■ **Exercise goal**:
Set down, please, exactly the lines below that run from the line with "#9189 = LINE ( 'NONE', #18208, #3 ) ;" to the line with "#15560 = VECTOR", both lines included.

Items from a dataset:

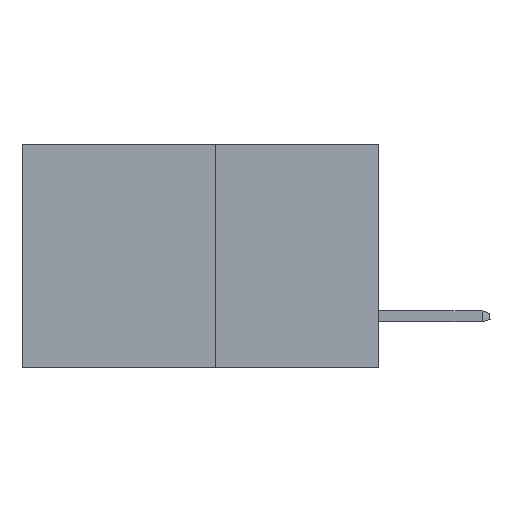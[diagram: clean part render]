
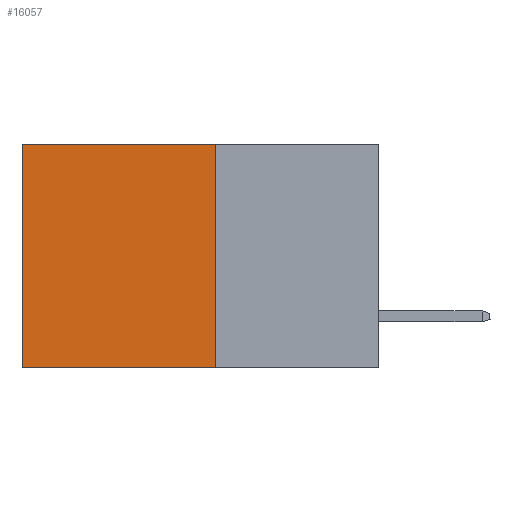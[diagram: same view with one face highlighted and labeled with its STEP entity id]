
A CAD part, left-side view. The second image highlights one B-rep face of the part: STEP entity #16057.
In plain terms, the highlighted planar face has unit normal (-1, 0, 0).
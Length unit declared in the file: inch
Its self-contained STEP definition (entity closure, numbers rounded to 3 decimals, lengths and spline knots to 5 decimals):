
#3 = VECTOR ( 'NONE', #1694, 39.37008 ) ;
#738 = DIRECTION ( 'NONE',  ( 1., 0., 0. ) ) ;
#789 = ORIENTED_EDGE ( 'NONE', *, *, #2479, .T. ) ;
#1530 = VERTEX_POINT ( 'NONE', #14121 ) ;
#1694 = DIRECTION ( 'NONE',  ( 0., 1., 0. ) ) ;
#1698 = VECTOR ( 'NONE', #14716, 39.37008 ) ;
#2214 = VERTEX_POINT ( 'NONE', #2795 ) ;
#2479 = EDGE_CURVE ( 'NONE', #21464, #2214, #11067, .T. ) ;
#2795 = CARTESIAN_POINT ( 'NONE',  ( 0.277, 0.59, -0.37 ) ) ;
#3444 = CARTESIAN_POINT ( 'NONE',  ( 0.277, 0.59, 0. ) ) ;
#3907 = LINE ( 'NONE', #20704, #7946 ) ;
#4559 = CARTESIAN_POINT ( 'NONE',  ( 0.277, 0.27, 0. ) ) ;
#5196 = ORIENTED_EDGE ( 'NONE', *, *, #18809, .F. ) ;
#6074 = CARTESIAN_POINT ( 'NONE',  ( 0.277, 0.27, 0. ) ) ;
#6579 = EDGE_CURVE ( 'NONE', #11513, #1530, #3907, .T. ) ;
#7946 = VECTOR ( 'NONE', #20640, 39.37008 ) ;
#8172 = EDGE_CURVE ( 'NONE', #11513, #21464, #19805, .T. ) ;
#9189 = LINE ( 'NONE', #18208, #3 ) ;
#9935 = ORIENTED_EDGE ( 'NONE', *, *, #6579, .F. ) ;
#10877 = DIRECTION ( 'NONE',  ( 0., 0., -1. ) ) ;
#10972 = AXIS2_PLACEMENT_3D ( 'NONE', #21096, #738, #12764 ) ;
#11055 = PLANE ( 'NONE',  #10972 ) ;
#11067 = LINE ( 'NONE', #11157, #15560 ) ;
#11157 = CARTESIAN_POINT ( 'NONE',  ( 0.277, 0.59, -0.37 ) ) ;
#11513 = VERTEX_POINT ( 'NONE', #4559 ) ;
#12587 = EDGE_LOOP ( 'NONE', ( #789, #5196, #9935, #13208 ) ) ;
#12764 = DIRECTION ( 'NONE',  ( 0., 0., -1. ) ) ;
#13208 = ORIENTED_EDGE ( 'NONE', *, *, #8172, .T. ) ;
#13367 = FACE_OUTER_BOUND ( 'NONE', #12587, .T. ) ;
#14121 = CARTESIAN_POINT ( 'NONE',  ( 0.277, 0.27, -0.37 ) ) ;
#14716 = DIRECTION ( 'NONE',  ( 0., 1., 0. ) ) ;
#15560 = VECTOR ( 'NONE', #10877, 39.37008 ) ;
#16057 = ADVANCED_FACE ( 'NONE', ( #13367 ), #11055, .F. ) ;
#18208 = CARTESIAN_POINT ( 'NONE',  ( 0.277, 0.27, -0.37 ) ) ;
#18809 = EDGE_CURVE ( 'NONE', #1530, #2214, #9189, .T. ) ;
#19805 = LINE ( 'NONE', #6074, #1698 ) ;
#20640 = DIRECTION ( 'NONE',  ( 0., 0., -1. ) ) ;
#20704 = CARTESIAN_POINT ( 'NONE',  ( 0.277, 0.27, -0.37 ) ) ;
#21096 = CARTESIAN_POINT ( 'NONE',  ( 0.277, 0.27, -0.37 ) ) ;
#21464 = VERTEX_POINT ( 'NONE', #3444 ) ;
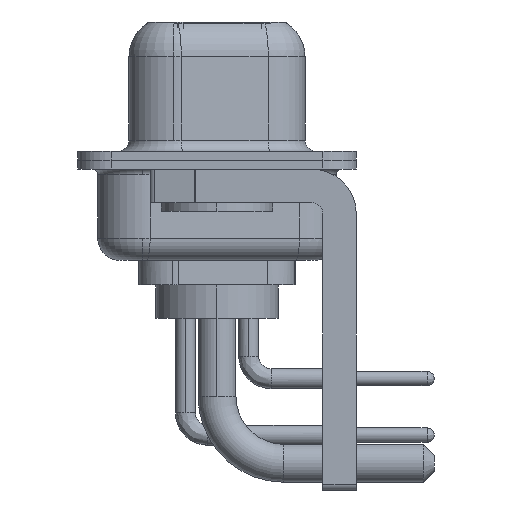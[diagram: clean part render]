
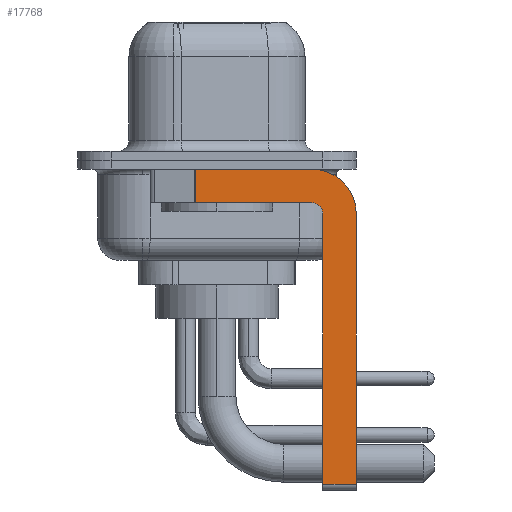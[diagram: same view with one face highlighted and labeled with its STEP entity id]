
A CAD part, left-side view. The second image highlights one B-rep face of the part: STEP entity #17768.
In plain terms, the highlighted planar face has unit normal (-1, 0, 0).
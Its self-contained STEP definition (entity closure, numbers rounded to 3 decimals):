
#315 = CARTESIAN_POINT ( 'NONE',  ( -2.9, -4.75, -14.55 ) ) ;
#523 = CARTESIAN_POINT ( 'NONE',  ( -2.9, 0.978, -1.9 ) ) ;
#1009 = CARTESIAN_POINT ( 'NONE',  ( -2.9, -4.25, -1.9 ) ) ;
#1327 = CARTESIAN_POINT ( 'NONE',  ( -2.9, -6.25, -2.4 ) ) ;
#1912 = LINE ( 'NONE', #11168, #18519 ) ;
#2133 = DIRECTION ( 'NONE',  ( 0., 1., 0. ) ) ;
#2576 = VECTOR ( 'NONE', #12825, 1000. ) ;
#3097 = DIRECTION ( 'NONE',  ( 0., -1., 0. ) ) ;
#3147 = CIRCLE ( 'NONE', #15025, 0.5 ) ;
#3676 = VERTEX_POINT ( 'NONE', #20600 ) ;
#3719 = LINE ( 'NONE', #10200, #4315 ) ;
#3887 = VERTEX_POINT ( 'NONE', #20549 ) ;
#4002 = ORIENTED_EDGE ( 'NONE', *, *, #5074, .F. ) ;
#4315 = VECTOR ( 'NONE', #15104, 1000. ) ;
#4590 = CARTESIAN_POINT ( 'NONE',  ( -2.9, -4.25, -2.4 ) ) ;
#4699 = VERTEX_POINT ( 'NONE', #8902 ) ;
#4857 = LINE ( 'NONE', #6547, #2576 ) ;
#5074 = EDGE_CURVE ( 'NONE', #10350, #4699, #4857, .T. ) ;
#5326 = EDGE_CURVE ( 'NONE', #3676, #14418, #10692, .T. ) ;
#5452 = ORIENTED_EDGE ( 'NONE', *, *, #12274, .F. ) ;
#5934 = DIRECTION ( 'NONE',  ( 0., 0., -1. ) ) ;
#6057 = CARTESIAN_POINT ( 'NONE',  ( -2.9, -4.25, -2.4 ) ) ;
#6179 = ORIENTED_EDGE ( 'NONE', *, *, #5326, .F. ) ;
#6206 = ORIENTED_EDGE ( 'NONE', *, *, #13351, .F. ) ;
#6547 = CARTESIAN_POINT ( 'NONE',  ( -2.9, -4.75, -14.8 ) ) ;
#6818 = LINE ( 'NONE', #10532, #20842 ) ;
#6884 = CIRCLE ( 'NONE', #14740, 2. ) ;
#7054 = EDGE_LOOP ( 'NONE', ( #13571, #18472, #6206, #19100, #4002, #13365, #6179, #5452 ) ) ;
#7566 = EDGE_CURVE ( 'NONE', #13870, #3887, #3719, .T. ) ;
#7851 = DIRECTION ( 'NONE',  ( 0., 0., -1. ) ) ;
#8594 = DIRECTION ( 'NONE',  ( 0., 0., -1. ) ) ;
#8900 = DIRECTION ( 'NONE',  ( 1., 0., 0. ) ) ;
#8902 = CARTESIAN_POINT ( 'NONE',  ( -2.9, -4.75, -2.4 ) ) ;
#8937 = CARTESIAN_POINT ( 'NONE',  ( -2.9, 0.978, -1.9 ) ) ;
#10200 = CARTESIAN_POINT ( 'NONE',  ( -2.9, 3., -0.4 ) ) ;
#10284 = EDGE_CURVE ( 'NONE', #4699, #18685, #3147, .T. ) ;
#10350 = VERTEX_POINT ( 'NONE', #315 ) ;
#10421 = EDGE_CURVE ( 'NONE', #13870, #19927, #18478, .T. ) ;
#10532 = CARTESIAN_POINT ( 'NONE',  ( -2.9, -4.25, -1.9 ) ) ;
#10692 = LINE ( 'NONE', #1327, #12074 ) ;
#11168 = CARTESIAN_POINT ( 'NONE',  ( -2.9, -4.25, -14.55 ) ) ;
#11780 = CARTESIAN_POINT ( 'NONE',  ( -2.9, 0.978, -0.4 ) ) ;
#12074 = VECTOR ( 'NONE', #13983, 1000. ) ;
#12274 = EDGE_CURVE ( 'NONE', #3887, #3676, #6884, .T. ) ;
#12825 = DIRECTION ( 'NONE',  ( 0., 0., 1. ) ) ;
#13351 = EDGE_CURVE ( 'NONE', #18685, #19927, #6818, .T. ) ;
#13365 = ORIENTED_EDGE ( 'NONE', *, *, #15125, .T. ) ;
#13571 = ORIENTED_EDGE ( 'NONE', *, *, #7566, .F. ) ;
#13870 = VERTEX_POINT ( 'NONE', #11780 ) ;
#13983 = DIRECTION ( 'NONE',  ( 0., 0., -1. ) ) ;
#14418 = VERTEX_POINT ( 'NONE', #15489 ) ;
#14576 = DIRECTION ( 'NONE',  ( -1., 0., 0. ) ) ;
#14740 = AXIS2_PLACEMENT_3D ( 'NONE', #20274, #8900, #5934 ) ;
#14852 = AXIS2_PLACEMENT_3D ( 'NONE', #6057, #19209, #7851 ) ;
#15025 = AXIS2_PLACEMENT_3D ( 'NONE', #4590, #14576, #19538 ) ;
#15104 = DIRECTION ( 'NONE',  ( 0., -1., 0. ) ) ;
#15125 = EDGE_CURVE ( 'NONE', #10350, #14418, #1912, .T. ) ;
#15443 = PLANE ( 'NONE',  #14852 ) ;
#15489 = CARTESIAN_POINT ( 'NONE',  ( -2.9, -6.25, -14.55 ) ) ;
#16366 = VECTOR ( 'NONE', #8594, 1000. ) ;
#17768 = ADVANCED_FACE ( 'NONE', ( #19010 ), #15443, .F. ) ;
#18472 = ORIENTED_EDGE ( 'NONE', *, *, #10421, .T. ) ;
#18478 = LINE ( 'NONE', #523, #16366 ) ;
#18519 = VECTOR ( 'NONE', #3097, 1000. ) ;
#18685 = VERTEX_POINT ( 'NONE', #1009 ) ;
#19010 = FACE_OUTER_BOUND ( 'NONE', #7054, .T. ) ;
#19100 = ORIENTED_EDGE ( 'NONE', *, *, #10284, .F. ) ;
#19209 = DIRECTION ( 'NONE',  ( 1., 0., 0. ) ) ;
#19538 = DIRECTION ( 'NONE',  ( 0., 0., 1. ) ) ;
#19927 = VERTEX_POINT ( 'NONE', #8937 ) ;
#20274 = CARTESIAN_POINT ( 'NONE',  ( -2.9, -4.25, -2.4 ) ) ;
#20549 = CARTESIAN_POINT ( 'NONE',  ( -2.9, -4.25, -0.4 ) ) ;
#20600 = CARTESIAN_POINT ( 'NONE',  ( -2.9, -6.25, -2.4 ) ) ;
#20842 = VECTOR ( 'NONE', #2133, 1000. ) ;
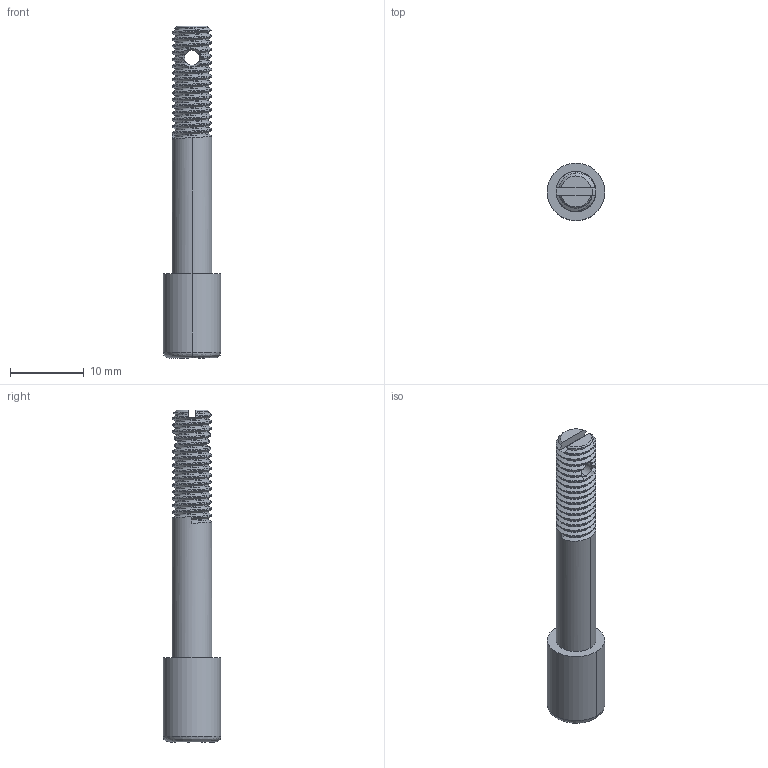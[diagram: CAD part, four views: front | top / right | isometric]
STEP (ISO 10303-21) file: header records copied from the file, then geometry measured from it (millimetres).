
FILE_DESCRIPTION (( 'STEP AP214' ), '1' );
FILE_NAME ('User Library-Telescopic Stock_Stock Bolt1.STEP', '2013-05-23T12:57:49', ( 'Asher' ), ( '' ), 'SwSTEP 2.0', 'SolidWorks 2013', '' );
FILE_SCHEMA (( 'AUTOMOTIVE_DESIGN' ));
Length unit declared in the file: millimetre
Products named in the file (1): User Library-Telescopic Stock_Stock Bolt1
Bounding box: 7.8 x 7.8 x 44.96 mm (x, y, z)
Volume: 1233.1 mm3; surface area: 1059.9 mm2
Topology: 1 solids, 1 shells, 106 faces, 309 edges, 204 vertices
Faces by surface type: cylinder 74, bspline 17, plane 8, cone 7
Entity records: 9258 total; most frequent: CARTESIAN_POINT 7025, ORIENTED_EDGE 618, EDGE_CURVE 309, DIRECTION 298, VERTEX_POINT 204, AXIS2_PLACEMENT_3D 109, EDGE_LOOP 107, FACE_OUTER_BOUND 106
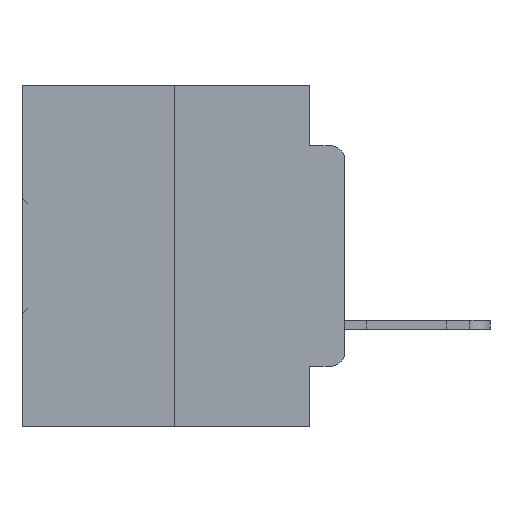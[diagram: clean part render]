
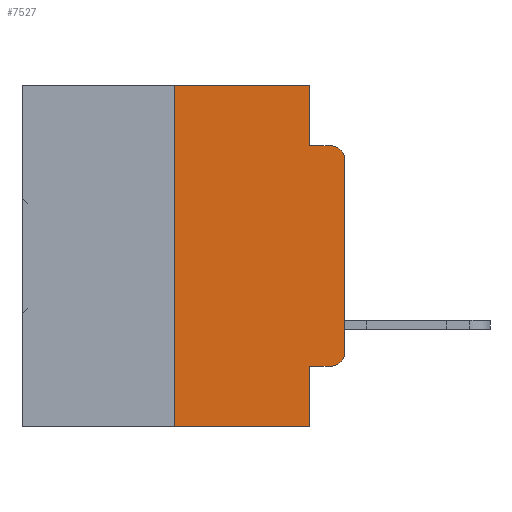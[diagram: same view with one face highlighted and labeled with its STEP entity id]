
A CAD part, left-side view. The second image highlights one B-rep face of the part: STEP entity #7527.
In plain terms, the highlighted planar face has unit normal (-1, 0, 0).
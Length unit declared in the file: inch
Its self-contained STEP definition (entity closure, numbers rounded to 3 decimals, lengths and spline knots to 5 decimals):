
#703 = CARTESIAN_POINT ( 'NONE',  ( 0., 0.051, 0. ) ) ;
#1095 = DIRECTION ( 'NONE',  ( 0., 0., 1. ) ) ;
#1771 = LINE ( 'NONE', #21396, #9043 ) ;
#1854 = CARTESIAN_POINT ( 'NONE',  ( 0., 0.25, -0.5 ) ) ;
#2017 = EDGE_CURVE ( 'NONE', #26853, #22794, #1771, .T. ) ;
#2069 = CARTESIAN_POINT ( 'NONE',  ( 0., 0.02, -0.3915 ) ) ;
#2263 = VERTEX_POINT ( 'NONE', #29762 ) ;
#3027 = VERTEX_POINT ( 'NONE', #22421 ) ;
#3243 = EDGE_CURVE ( 'NONE', #10468, #32382, #35091, .T. ) ;
#4811 = LINE ( 'NONE', #15415, #19099 ) ;
#4917 = ORIENTED_EDGE ( 'NONE', *, *, #28217, .F. ) ;
#5150 = DIRECTION ( 'NONE',  ( 0., 0., -1. ) ) ;
#5642 = VERTEX_POINT ( 'NONE', #19348 ) ;
#5983 = DIRECTION ( 'NONE',  ( 0., 0., -1. ) ) ;
#6096 = AXIS2_PLACEMENT_3D ( 'NONE', #2069, #21965, #5150 ) ;
#6508 = ORIENTED_EDGE ( 'NONE', *, *, #25816, .T. ) ;
#6810 = DIRECTION ( 'NONE',  ( 0., -1., 0. ) ) ;
#6928 = ORIENTED_EDGE ( 'NONE', *, *, #17584, .T. ) ;
#7527 = ADVANCED_FACE ( 'NONE', ( #35580 ), #20959, .F. ) ;
#7614 = EDGE_LOOP ( 'NONE', ( #6508, #16619, #24695, #24847, #25111, #29639, #30555, #4917, #15093, #6928 ) ) ;
#8463 = VERTEX_POINT ( 'NONE', #19033 ) ;
#9043 = VECTOR ( 'NONE', #21196, 39.37008 ) ;
#9525 = DIRECTION ( 'NONE',  ( 0., -1., 0. ) ) ;
#9756 = VECTOR ( 'NONE', #9525, 39.37008 ) ;
#10084 = DIRECTION ( 'NONE',  ( 0., 0., 1. ) ) ;
#10364 = CIRCLE ( 'NONE', #35006, 0.02 ) ;
#10468 = VERTEX_POINT ( 'NONE', #703 ) ;
#11915 = DIRECTION ( 'NONE',  ( 0., -1., 0. ) ) ;
#12307 = VERTEX_POINT ( 'NONE', #33578 ) ;
#14351 = VECTOR ( 'NONE', #20091, 39.37008 ) ;
#15093 = ORIENTED_EDGE ( 'NONE', *, *, #24721, .T. ) ;
#15144 = EDGE_CURVE ( 'NONE', #32382, #8463, #4811, .T. ) ;
#15201 = LINE ( 'NONE', #33807, #20487 ) ;
#15415 = CARTESIAN_POINT ( 'NONE',  ( 0., 0.051, -0.0885 ) ) ;
#15849 = CARTESIAN_POINT ( 'NONE',  ( 0., 0., 0. ) ) ;
#16619 = ORIENTED_EDGE ( 'NONE', *, *, #24041, .T. ) ;
#16838 = CARTESIAN_POINT ( 'NONE',  ( 0., 0.051, -0.0885 ) ) ;
#17453 = CARTESIAN_POINT ( 'NONE',  ( 0., 0.02, -0.1085 ) ) ;
#17584 = EDGE_CURVE ( 'NONE', #12307, #25403, #30321, .T. ) ;
#18527 = EDGE_CURVE ( 'NONE', #5642, #10468, #30264, .T. ) ;
#19033 = CARTESIAN_POINT ( 'NONE',  ( 0., 0.02, -0.0885 ) ) ;
#19099 = VECTOR ( 'NONE', #6810, 39.37008 ) ;
#19348 = CARTESIAN_POINT ( 'NONE',  ( 0., 0.25, 0. ) ) ;
#19950 = CARTESIAN_POINT ( 'NONE',  ( 0., 0.051, 0. ) ) ;
#20025 = DIRECTION ( 'NONE',  ( 0., 0., -1. ) ) ;
#20090 = DIRECTION ( 'NONE',  ( 0., 0., -1. ) ) ;
#20091 = DIRECTION ( 'NONE',  ( 0., 0., -1. ) ) ;
#20379 = CARTESIAN_POINT ( 'NONE',  ( 0., 0.051, 0. ) ) ;
#20450 = LINE ( 'NONE', #33056, #34283 ) ;
#20487 = VECTOR ( 'NONE', #10084, 39.37008 ) ;
#20715 = DIRECTION ( 'NONE',  ( 1., 0., 0. ) ) ;
#20959 = PLANE ( 'NONE',  #28534 ) ;
#21196 = DIRECTION ( 'NONE',  ( 0., -1., 0. ) ) ;
#21247 = VECTOR ( 'NONE', #1095, 39.37008 ) ;
#21396 = CARTESIAN_POINT ( 'NONE',  ( 0., 0.473, -0.5 ) ) ;
#21575 = CARTESIAN_POINT ( 'NONE',  ( 0., 0.473, 0. ) ) ;
#21965 = DIRECTION ( 'NONE',  ( -1., 0., 0. ) ) ;
#22421 = CARTESIAN_POINT ( 'NONE',  ( 0., 0., -0.1085 ) ) ;
#22791 = VECTOR ( 'NONE', #5983, 39.37008 ) ;
#22794 = VERTEX_POINT ( 'NONE', #34643 ) ;
#24041 = EDGE_CURVE ( 'NONE', #3027, #8463, #10364, .T. ) ;
#24695 = ORIENTED_EDGE ( 'NONE', *, *, #15144, .F. ) ;
#24721 = EDGE_CURVE ( 'NONE', #2263, #12307, #20450, .T. ) ;
#24847 = ORIENTED_EDGE ( 'NONE', *, *, #3243, .F. ) ;
#25111 = ORIENTED_EDGE ( 'NONE', *, *, #18527, .F. ) ;
#25403 = VERTEX_POINT ( 'NONE', #35243 ) ;
#25816 = EDGE_CURVE ( 'NONE', #25403, #3027, #27519, .T. ) ;
#26853 = VERTEX_POINT ( 'NONE', #1854 ) ;
#27519 = LINE ( 'NONE', #15849, #21247 ) ;
#28217 = EDGE_CURVE ( 'NONE', #2263, #22794, #30548, .T. ) ;
#28534 = AXIS2_PLACEMENT_3D ( 'NONE', #21575, #20715, #20090 ) ;
#29639 = ORIENTED_EDGE ( 'NONE', *, *, #34937, .F. ) ;
#29762 = CARTESIAN_POINT ( 'NONE',  ( 0., 0.051, -0.4115 ) ) ;
#30264 = LINE ( 'NONE', #30822, #9756 ) ;
#30321 = CIRCLE ( 'NONE', #6096, 0.02 ) ;
#30548 = LINE ( 'NONE', #19950, #22791 ) ;
#30555 = ORIENTED_EDGE ( 'NONE', *, *, #2017, .T. ) ;
#30822 = CARTESIAN_POINT ( 'NONE',  ( 0., 0.473, 0. ) ) ;
#32382 = VERTEX_POINT ( 'NONE', #16838 ) ;
#33056 = CARTESIAN_POINT ( 'NONE',  ( 0., 0.051, -0.4115 ) ) ;
#33578 = CARTESIAN_POINT ( 'NONE',  ( 0., 0.02, -0.4115 ) ) ;
#33807 = CARTESIAN_POINT ( 'NONE',  ( 0., 0.25, 0. ) ) ;
#34283 = VECTOR ( 'NONE', #11915, 39.37008 ) ;
#34643 = CARTESIAN_POINT ( 'NONE',  ( 0., 0.051, -0.5 ) ) ;
#34937 = EDGE_CURVE ( 'NONE', #26853, #5642, #15201, .T. ) ;
#35006 = AXIS2_PLACEMENT_3D ( 'NONE', #17453, #35524, #20025 ) ;
#35091 = LINE ( 'NONE', #20379, #14351 ) ;
#35243 = CARTESIAN_POINT ( 'NONE',  ( 0., 0., -0.3915 ) ) ;
#35524 = DIRECTION ( 'NONE',  ( -1., 0., 0. ) ) ;
#35580 = FACE_OUTER_BOUND ( 'NONE', #7614, .T. ) ;

■ **Finished exercise**:
#9189 = LINE ( 'NONE', #18208, #3 ) ;
#9935 = ORIENTED_EDGE ( 'NONE', *, *, #6579, .F. ) ;
#10877 = DIRECTION ( 'NONE',  ( 0., 0., -1. ) ) ;
#10972 = AXIS2_PLACEMENT_3D ( 'NONE', #21096, #738, #12764 ) ;
#11055 = PLANE ( 'NONE',  #10972 ) ;
#11067 = LINE ( 'NONE', #11157, #15560 ) ;
#11157 = CARTESIAN_POINT ( 'NONE',  ( 0.277, 0.59, -0.37 ) ) ;
#11513 = VERTEX_POINT ( 'NONE', #4559 ) ;
#12587 = EDGE_LOOP ( 'NONE', ( #789, #5196, #9935, #13208 ) ) ;
#12764 = DIRECTION ( 'NONE',  ( 0., 0., -1. ) ) ;
#13208 = ORIENTED_EDGE ( 'NONE', *, *, #8172, .T. ) ;
#13367 = FACE_OUTER_BOUND ( 'NONE', #12587, .T. ) ;
#14121 = CARTESIAN_POINT ( 'NONE',  ( 0.277, 0.27, -0.37 ) ) ;
#14716 = DIRECTION ( 'NONE',  ( 0., 1., 0. ) ) ;
#15560 = VECTOR ( 'NONE', #10877, 39.37008 ) ;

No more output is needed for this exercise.